In Northwest Florida and elsewhere around the state, issues related to the quantity and qualify of the water supply proliferate …
- In November, the Florida Springs Council and other springs advocates, at a seven-day administrative hearing, contended that the state Department of Environmental Protection’s Basin Management Action Plans do not sufficiently protect springs from pollution.
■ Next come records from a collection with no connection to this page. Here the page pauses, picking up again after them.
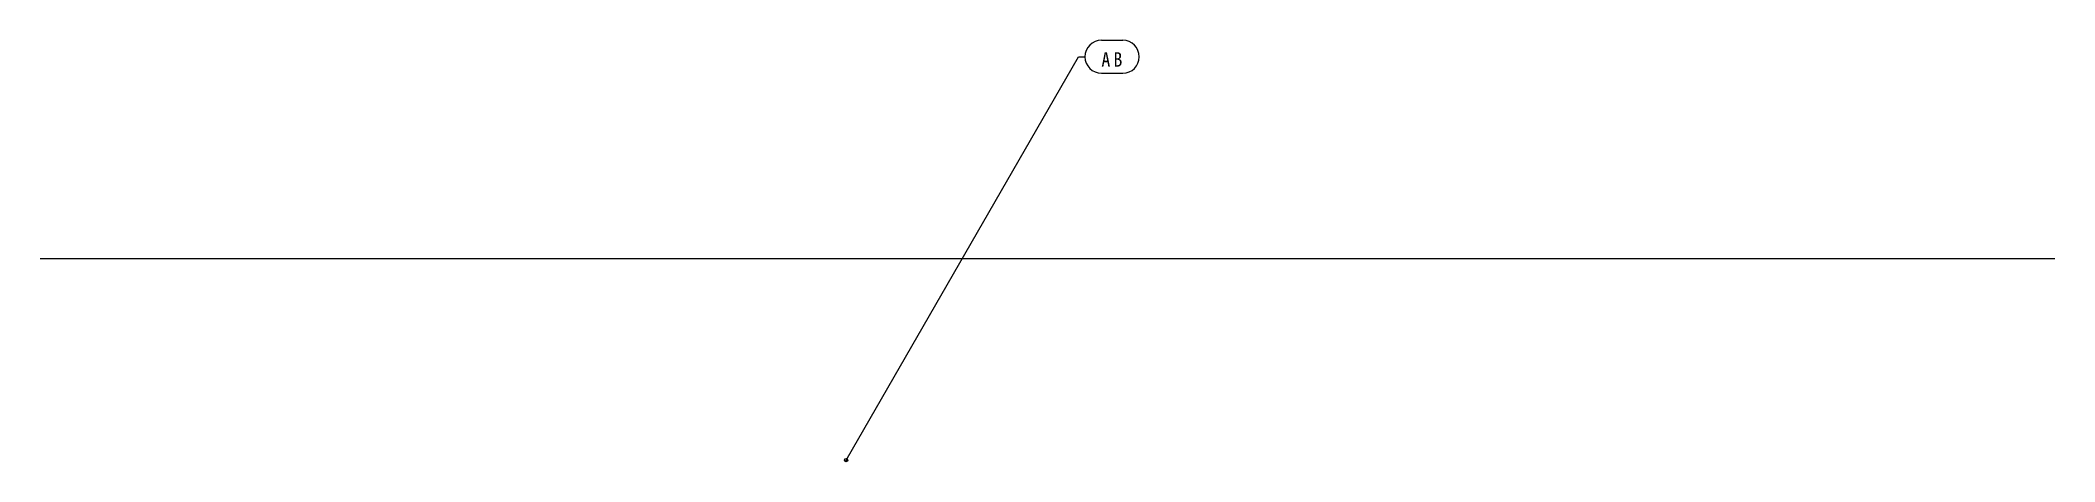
# Model space of a CAD drawing. Units: millimetres at full size, sheet at 1:100. Extents: x -15551 to 15061, y -6576 to -179.
import ezdxf

# ---------------------------------------------------------------- set-up
doc = ezdxf.new("R2010")
doc.units = ezdxf.units.MM
doc.header["$LTSCALE"] = 100
doc.header["$PDMODE"] = 32
doc.header["$PDSIZE"] = 50
doc.layers.add('0-0', color=7, linetype='Continuous')
doc.styles.add('ＭＳ ゴシック', font='')
doc.styles.get('ＭＳ ゴシック').set_extended_font_data('MS Gothic')

msp = doc.modelspace()

# ---------------------------------------------------------------- linework, layer by layer
at = {"layer": '0-0'}
for p, q in [((574.5, -178.6), (899.5, -178.6)), ((574.5, -678.6), (899.5, -678.6)), ((-15551, -3489.8), (15061.2, -3489.8))]:
    msp.add_line(p, q, dxfattribs=at)
msp.add_lwpolyline([(-3306.1, -6551), (228.7, -428.6), (324.5, -428.6)], dxfattribs=at)
for centre, start, end in [((574.5, -428.6), 90, 270), ((899.5, -428.6), 270, 90)]:
    msp.add_arc(centre, 250, start, end, dxfattribs=at)
msp.add_point((-3306.1, -6551), dxfattribs=at)

# ---------------------------------------------------------------- texts
at = {"layer": '0-0', "insert": (574.5, -578.6), "char_height": 219.9, "attachment_point": 7, "style": 'ＭＳ ゴシック'}
msp.add_mtext('\\T1.36;\\W0.9;AB', dxfattribs=at)

doc.saveas('drawing.dxf')

- Abandoned landfills in Bay and Walton counties have not been adequately closed out.
- A judge serving as a special master has recommended that the U.S. Supreme Court side with Georgia in its long-running water dispute with Florida. In so doing, U.S. Circuit Judge Paul Kelly Jr. said the high court should reject Florida’s request to limit how Georgia uses water from rivers that flow through both states.
- Panama City will require hundreds of millions of dollars to redo its sanitary sewer system, whose lines were built from clay in the 1950s. “The infrastructure is crumbling beneath us,” City Manager Mark McQueen said in August following a sewage spill of more than 300,000 gallons.
- The Florida DEP has granted a Texas company permission to sink six exploratory wells in the Apalachicola River basin. The permits allow the company, which prospects for oil and natural gas, to drill through the Floridan aquifer at locations in Calhoun County between the Dead Lakes/Chipola River and the Apalachicola River.
Such state and local issues are apart from the global impacts of climate change. Those effects should not be confused with the naturally occurring climate cycles that repeatedly did in Oblinger’s farms.
“Skeptics,” writes Barnett, “use the great climate swings of Earth’s history — the civilization-crushing droughts and whatever epic deluge may have inspired our flood myths — to argue that the heat-trapping gasses of modern life are not to blame for today’s global warming and the rise of extreme rains, storms and floods.”
But, in truth, she later asserts, “The warming world has revealed how the emissions we send into the atmosphere … can wreak global havoc. A warmer atmosphere and oceans mean more energy left aloft must be dissipated; it finds release in extreme weather. Dry areas get drier, rains falls in torrents rather than gentle downpours. Proof that the strangest rains of all are wrought by humans.”
It has become increasingly difficult for today’s Oblingers to find a sweet spot.
Begged, then, is the question of sustainability. In this edition of 850 Magazine, we touch upon several aspects of that issue and find evidence that the region’s environmental awareness is increasing.
Transportation planners are working to design arteries that better allow for bicyclists and pedestrians. Utilities including NextEra Energy, which acquired Gulf Power in January 2019, are working toward sweeping clean energy goals.
Cities including Pensacola, anticipating effects of climate change including sea level rise, are roughing in mitigation and adaptation plans. And, cities and counties are working to remove recyclables from the waste stream.
In all of this comes the realization that the implications of “sustainability” for how we make livings and how we live cannot be overstated.